DBAs were introduced under LASPO as a funding method for civil litigation to increase funding options, but the uptake has been hampered by the unclear drafting of the regulations and the inability of lawyers to offer hybrid arrangements.
The DBA Regulations
The review found that the DBA Regulations “would benefit from additional clarity and certainty”. We couldn’t agree more. We spend much of our time talking to lawyers about DBAs and it is clear that whilst an outcome-based fee arrangement might appeal to both the lawyer and the client in a particular case, lawyers feel that there is significant uncertainty beyond the inherent fee risk involved in offering a DBA. Lawyers simply aren’t confident in drafting a DBA that complies with the regulations as currently drafted. Whilst they are confident in drafting a conditional fee agreement, the success fee expressed as up to 100% of their fees at risk does not give a firm handling a long running and complex commercial case an adequate upside in return for the risk they are taking. As a result, many law firms stick with what they consider to be safer pricing models, such as the standard hourly rate or a fixed fee arrangement. Their concerns are such that they would prefer to see significant amounts of money channeled into litigation funders by way of success fee in return for paying a portion of their hourly rate, rather than take their chances with a DBA that may be deemed unenforceable. The news that the government will “give careful consideration” to the way forward for DBAs following the independent review of the drafting of the regulations is very welcome.
The review confirms that many lawyers are keen for the ban on hybrid DBAs to be lifted so that the law firm can receive some fees during the life of the case. Some respondents to the consultation stated that there is no reason for this restriction, since the same effect can be created through litigation funders who are willing to pay some of the lawyers’ fees incurred under the DBA in return for a share of the lawyer’s success fee. Others stated that there is no need to lift the restriction for the very same reason. The significant cost of such a funding arrangement, however, is an obvious disadvantage to the law firm. It also potentially disadvantages the claimant because the use of third-party funding, whether directly with the claimant or behind a law firm acting under a DBA, can increase the amount taken from the claimant’s damages.
The review does not, however, make mention of DBA insurance. DBA insurance provides a useful half-way house for law firms willing to take some risk alongside an indemnity for the remainder of their fees in the event of a loss.

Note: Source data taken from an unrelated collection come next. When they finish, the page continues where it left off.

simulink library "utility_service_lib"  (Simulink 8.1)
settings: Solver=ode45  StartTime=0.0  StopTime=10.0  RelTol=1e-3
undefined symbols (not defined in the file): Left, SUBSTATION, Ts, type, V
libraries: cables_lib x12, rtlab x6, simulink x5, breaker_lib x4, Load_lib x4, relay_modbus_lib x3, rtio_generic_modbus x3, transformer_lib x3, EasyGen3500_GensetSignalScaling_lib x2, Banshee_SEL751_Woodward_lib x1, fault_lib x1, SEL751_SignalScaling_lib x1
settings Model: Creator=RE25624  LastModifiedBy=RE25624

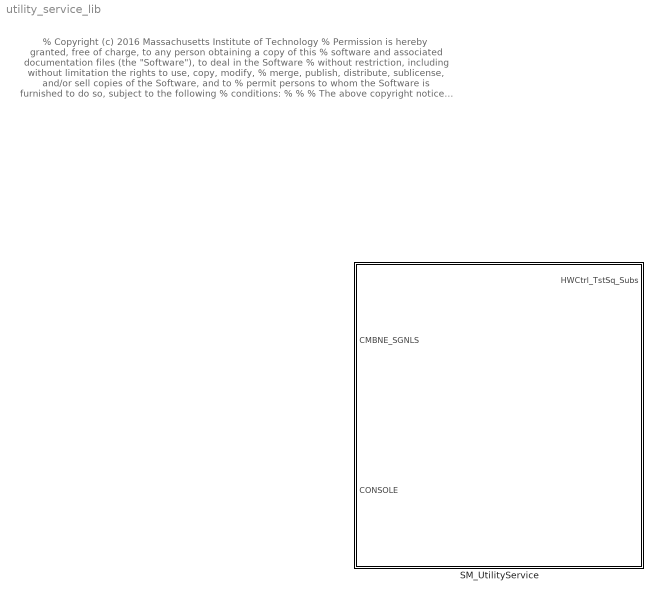
== system utility_service_lib ==
  note: % Copyright (c) 2016 Massachusetts Institute of Technology
      | % Permission is hereby granted, free of charge, to any person obtaining a copy of this
      | % software and associated documentation files (the "Software"), to deal in the Software
      | % without restriction, including without limitation the rights to use, copy, modify,
      | % merge, publish, distribute, sublicense, and/or sell copies of the Software, and to
      | % permit persons to whom the Software is furnished to do so, subject to the following
      | % conditions:
      | %
      | %
      | % The above copyright notice and this permission notice shall be included in
      | % all copies or substantial portions of the Software.
      | %
      | % THE SOFTWARE IS PROVIDED "AS IS", WITHOUT WARRANTY OF ANY KIND, EXPRESS OR IMPLIED,
      | % INCLUDING BUT NOT LIMITED TO THE WARRANTIES OF MERCHANTABILITY, FITNESS FOR A
      | % PARTICULAR PURPOSE AND NONINFRINGEMENT. IN NO EVENT SHALL THE AUTHORS OR COPYRIGHT
      | % HOLDERS BE LIABLE FOR ANY CLAIM, DAMAGES OR OTHER LIABILITY, WHETHER IN AN ACTION
      | % OF CONTRACT, TORT OR OTHERWISE, ARISING FROM, OUT OF OR IN CONNECTION WITH THE
      | % SOFTWARE OR THE USE OR OTHER DEALINGS IN THE SOFTWARE.
      | %
      | %
      | %%
  SM_UtilityService : Subsystem

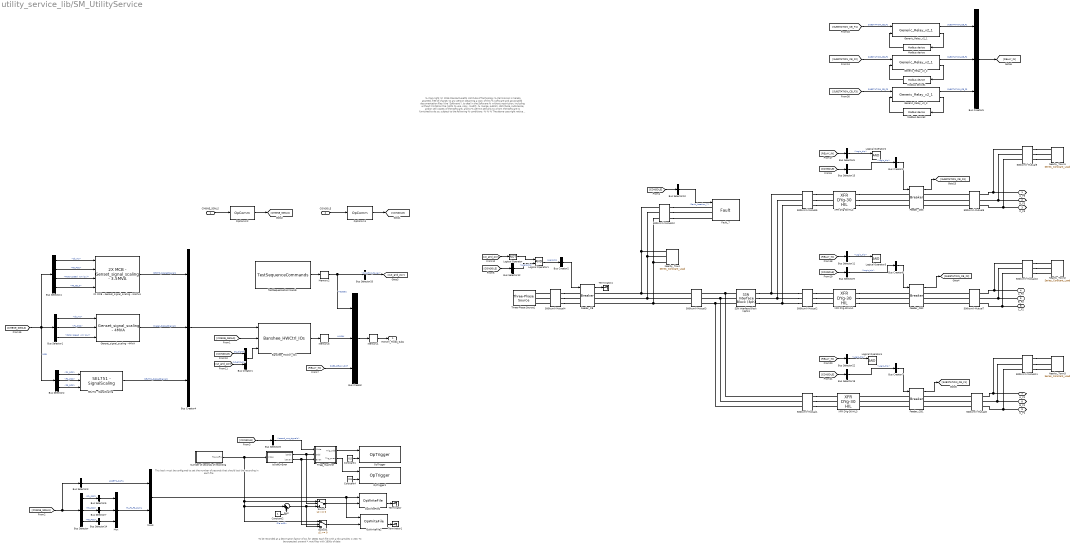
== system utility_service_lib/SM_UtilityService ==
  note: To be recorded at a decimation factor of 10,   for 1800s each file with a Nb samples = 200.
      | To be expected: several *.mat files with 1800s of data
  note: This bock must be configured to set the number of
      | seconds that should last the recording in each file
  note: % Copyright (c) 2016 Massachusetts Institute of Technology
      | % Permission is hereby granted, free of charge, to any person obtaining a copy of this
      | % software and associated documentation files (the "Software"), to deal in the Software
      | % without restriction, including without limitation the rights to use, copy, modify,
      | % merge, publish, distribute, sublicense, and/or sell copies of the Software, and to
      | % permit persons to whom the Software is furnished to do so, subject to the following
      | % conditions:
      | %
      | %
      | % The above copyright notice and this permission notice shall be included in
      | % all copies or substantial portions of the Software.
      | %
      | % THE SOFTWARE IS PROVIDED "AS IS", WITHOUT WARRANTY OF ANY KIND, EXPRESS OR IMPLIED,
      | % INCLUDING BUT NOT LIMITED TO THE WARRANTIES OF MERCHANTABILITY, FITNESS FOR A
      | % PARTICULAR PURPOSE AND NONINFRINGEMENT. IN NO EVENT SHALL THE AUTHORS OR COPYRIGHT
      | % HOLDERS BE LIABLE FOR ANY CLAIM, DAMAGES OR OTHER LIABILITY, WHETHER IN AN ACTION
      | % OF CONTRACT, TORT OR OTHERWISE, ARISING FROM, OUT OF OR IN CONNECTION WITH THE
      | % SOFTWARE OR THE USE OR OTHER DEALINGS IN THE SOFTWARE.
      | %
      | %
      | %%
  CMBNE_SGNLS : Inport
  CONSOLE : Inport  Port=2
  2X MCB - Genset_signal_scaling - 3.5MVA : EasyGen3500_GensetSignalScaling_lib/2X MCB - Genset_signal_scaling - 3.5MVA  Vpk_mcb=11268  watt_mcb=3150000  Vpk_gcb=11268  watt_gcb=3150000  rated_rpm=1800  wm_noise_bias=0.02
  500kcmil-Mutual1 : cables_lib/500kcmil-Mutual  length=200  par_sets=1  ratio=3
  500kcmil-Mutual{3..4,6..11} (8 alike) : cables_lib/500kcmil-Mutual  length=50  par_sets=1  ratio=3
  500kcmil-Mutual12 : cables_lib/500kcmil-Mutual  length=10  par_sets=1  ratio=3
  500kcmil-Mutual2 : cables_lib/500kcmil-Mutual  length=200  par_sets=1  ratio=3
  500kcmil-Mutual5 : cables_lib/500kcmil-Mutual  length=200  par_sets=1  ratio=3
  Banshee_HWCtrl_IOs : Banshee_SEL751_Woodward_lib/Banshee_HWCtrl_IOs  SystemSampleTime=-1
  Bus Creator : BusCreator  Inputs=3
  Bus Creator1 : BusCreator  Inputs=2
  Bus Creator{2..3,6..7} (4 alike) : BusCreator  Inputs=1
  Bus Creator4 : BusCreator  Inputs=3
  Bus Creator5 : BusCreator  Inputs=3
  Bus Selector : BusSelector  OutputSignals=PCC_DATA_OUT.F1_PCC,PCC_DATA_OUT.F2_PCC,PCC_DATA_OUT.F3_PCC
  Bus Selector1 : BusSelector  OutputSignals="F1_MS_IN.DIESEL_DATA.DIESEL_GCB.cb_ms,F1_MS_IN.CB_DATA.F1_PCC,F1_MS_IN.DIESEL_DATA.Gen2_meas.w.w.Rotor speed  wm (pu)"
  Bus Selector10 : BusSelector  OutputSignals=fault_cmd.fault_location_7
  Bus Selector11 : BusSelector  OutputSignals=SUBSTATION_CB_F2.Logic_trip
  Bus Selector12 : BusSelector  OutputSignals=GridStatusCtrl.Substation.Logic_trip
  Bus Selector13 : BusSelector  OutputSignals=GridStatusCtrl.Grid_F3.Logic_trip
  Bus Selector14 : BusSelector  OutputSignals=VRMSLL,Freq,kw,kvar  OutputAsBus=on
  Bus Selector19 : BusSelector  OutputSignals=GridStatusCtrl.Grid_F1.Logic_trip
  Bus Selector2 : BusSelector  OutputSignals=F1_MS_IN.CB_DATA.F1_PCC,F2_MS_IN.CB_DATA.F2_PCC,F3_MS_IN.CB_DATA.F3_PCC
  Bus Selector20 : BusSelector  OutputSignals=Cut_Grid_Power
  Bus Selector22 : BusSelector  OutputSignals=SUBSTATION_CB_F1.Logic_trip
  Bus Selector3 : BusSelector  OutputSignals=F1_MS_IN.DIESEL_DATA.DIESEL_GCB.VRMSLL,F1_MS_IN.DIESEL_DATA.DIESEL_GCB.Freq,F1_MS_IN.DIESEL_DATA.DIESEL_GCB.kw,F1_MS_IN.DIESEL_DATA.DIESEL_GCB.kvar,F3_MS_IN.NG_CHP_DATA.NG_CHP_GCB.VRMSLL,F3_MS_IN.NG_CHP_DATA.NG_CHP_GCB.Freq,F3_MS_IN.NG_CHP_DATA.NG_CHP_GCB.kw,F3_MS_IN.NG_CHP_DATA.NG_CHP_GCB.kvar,BESS_PV.EPC.BESS.BESS_MX1.VRMSLL,BESS_PV.EPC.BESS.BESS_MX1.Freq,BESS_PV.EPC.BESS.BESS_MX1.kw,BESS_PV.EPC.BESS.BESS_MX1.kvar,BESS_PV.EPC.PV.PV_MX1.VRMSLL,BESS_PV.EPC.PV.PV_MX1.Freq,BESS_PV.EPC.PV.PV_MX1.kw,BESS_PV.EPC.PV.PV_MX1.kvar  OutputAsBus=on
  Bus Selector4 : BusSelector  OutputSignals="F3_MS_IN.NG_CHP_DATA.NG_CHP_GCB.cb_ms,F3_MS_IN.CB_DATA.F3_PCC,F3_MS_IN.NG_CHP_DATA.Gen1_meas.w.w.Rotor speed  wm (pu),F3_MS_IN.CB_DATA.F3_CB_3"
  Bus Selector5 : BusSelector  OutputSignals=VRMSLL,Freq,kw,kvar  OutputAsBus=on
  Bus Selector6 : BusSelector  OutputSignals=SUBSTATION_CB_F3.Logic_trip
  Bus Selector7 : BusSelector  OutputSignals=VRMSLL,Freq,kw,kvar  OutputAsBus=on
  Bus Selector8 : BusSelector  OutputSignals=DataLogging.record_rms_signals
  Bus Selector9 : BusSelector  OutputSignals=GridStatusCtrl.Grid_F2.Logic_trip
  Constant1 : Constant  Value=0.5
  Constant2 : Constant
  Constant4 : Constant  Value=0.5
  Fault_7 : fault_lib/Fault  FaultResistance=0.1  GroundResistance=0.01  SnubberResistance=1E6
  Feeder_CB{,1..3} (4 alike) : breaker_lib/Breaker  Ts=Ts  mech_delay=cb_mech_delay
  Generic_Relay_v2_1 : relay_modbus_lib/Generic_Relay_v2_1  Ts=Ts  relay_settings=[SUBSTATION(1,:)]
  Generic_Relay_v2_2 : relay_modbus_lib/Generic_Relay_v2_1  Ts=Ts  relay_settings=[SUBSTATION(2,:)]
  Generic_Relay_v2_3 : relay_modbus_lib/Generic_Relay_v2_1  Ts=Ts  relay_settings=[SUBSTATION(3,:)]
  Genset_signal_scaling - 4MVA : EasyGen3500_GensetSignalScaling_lib/Genset_signal_scaling - 4MVA  Vpk_mcb=11268  watt_mcb=3600000  Vpk_gcb=11268  watt_gcb=3600000  rated_rpm=1800  wm_noise_bias=0.02
  Logical Operator : Logic  Operator=NOT  AllPortsSameDT=off  OutDataTypeStr=boolean
  Logical Operator{1..4} (4 alike) : Logic  AllPortsSameDT=off  OutDataTypeStr=boolean
  Memory1 : Memory
  Memory2 : Memory
  Memory3 : Memory
  Modbus device : rtio_generic_modbus/Modbus device  conf_name=SUBSTATION_relay_cfg1.opal  conf_name_mask=SUBSTATION_relay_cfg1.xls  sample_time=Ts
  Modbus device1 : rtio_generic_modbus/Modbus device  conf_name=SUBSTATION_relay_cfg2.opal  conf_name_mask=SUBSTATION_relay_cfg2.xls  sample_time=Ts
  Modbus device2 : rtio_generic_modbus/Modbus device  conf_name=SUBSTATION_relay_cfg3.opal  conf_name_mask=SUBSTATION_relay_cfg3.xls  sample_time=Ts
  Mux : Mux  Inputs=3
  Mux3 : Mux  Inputs=2
  Nearby_Town : Load_lib/Series_Constant_Load  v=115000  kVA=20E3  pf=0.90
  Nearby_Town1 : Load_lib/Series_Constant_Load  v=13800  kVA=5E3  pf=0.90
  Nearby_Town2 : Load_lib/Series_Constant_Load  v=13800  kVA=5E3  pf=0.90
  Nearby_Town3 : Load_lib/Series_Constant_Load  v=13800  kVA=5E3  pf=0.90
  Number of seconds of recording : Subsystem  mask{time_s=1800}
      mask prompts: time_s "Time in seconds"
      mask help: Set the number of seconds that should last the recording in each file.
  OpComm1 : rtlab/OpComm  nbport=1  groupe_acq=1  subsys_rate=0  st=0  Synchronization=on  Interpolation=on  Threshold=1.0  Missed_Data=off  Sim_Time=off  Samples=off  dynSigOut=off  from_console=1  warning_done=off  writeOpCommFile=off  Offset=off
  OpComm2 : rtlab/OpComm  nbport=1  groupe_acq=1  subsys_rate=0  st=0  Synchronization=on  Interpolation=on  Threshold=1.0  Missed_Data=off  Sim_Time=off  Samples=off  dynSigOut=off  from_console=0  warning_done=off  writeOpCommFile=off  Offset=off
  OpTrigger : rtlab/DataLogging/OpTrigger  Trig_Type=TRIGGER SIGNAL >= TRIGGER LEVEL  Trig_Offset=0  Acq_Group=28
  OpTrigger1 : rtlab/DataLogging/OpTrigger  Trig_Type=TRIGGER SIGNAL >= TRIGGER LEVEL  Trig_Offset=0  Acq_Group=29
  OpWriteFile1 : rtlab/DataLogging/OpWriteFile  Static_File=off  varname=recVar  Filename=A_FILE_RECORDED_o.mat  rtpath='./'  nrtpath='.\'  Acq_Group=28  file_size=150000000  write_offline=off  Sim_Mode=off  Nb_Samples=1000  Buffer_size=0
      settings: Decimation=20
  OpWriteFile2 : rtlab/DataLogging/OpWriteFile  Static_File=off  varname=recVar  Filename=A_FILE_RECORDED_e.mat  rtpath='./'  nrtpath='.\'  Acq_Group=29  file_size=150000000  write_offline=off  Sim_Mode=off  Nb_Samples=1000  Buffer_size=0
      settings: Decimation=20
  SEL751 - SignalScaling : SEL751_SignalScaling_lib/SEL751 - SignalScaling  ct_ratio=1/1250  pt_ratio=1/1800
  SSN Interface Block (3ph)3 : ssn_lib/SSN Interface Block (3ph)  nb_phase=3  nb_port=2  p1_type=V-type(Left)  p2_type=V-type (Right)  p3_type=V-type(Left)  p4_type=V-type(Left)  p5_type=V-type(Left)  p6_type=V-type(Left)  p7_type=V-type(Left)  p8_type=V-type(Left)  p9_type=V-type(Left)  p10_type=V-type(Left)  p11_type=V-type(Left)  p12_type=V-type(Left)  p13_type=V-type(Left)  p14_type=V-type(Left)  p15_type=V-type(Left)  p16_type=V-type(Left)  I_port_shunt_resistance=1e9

Such insurance is available at a significantly reduced cost when compared with litigation funding. It is also a more commercial solution for law firms that want to hedge some risk but do not need actual cash flow assistance. Those that do need to receive some fees on an ongoing basis can then use the insurance to underpin a financial arrangement on far more commercial terms than will be offered by a non-recourse litigation funder.
For now, lawyers will have to make do with the litigation funding and insurance options that have been developed to facilitate their ability to offer a full DBA, but we look forward to reading Professor Rachael Mulheron’s and Nicholas Bacon QC’s independent review of the drafting of the DBA Regulations, expected to be published later this year.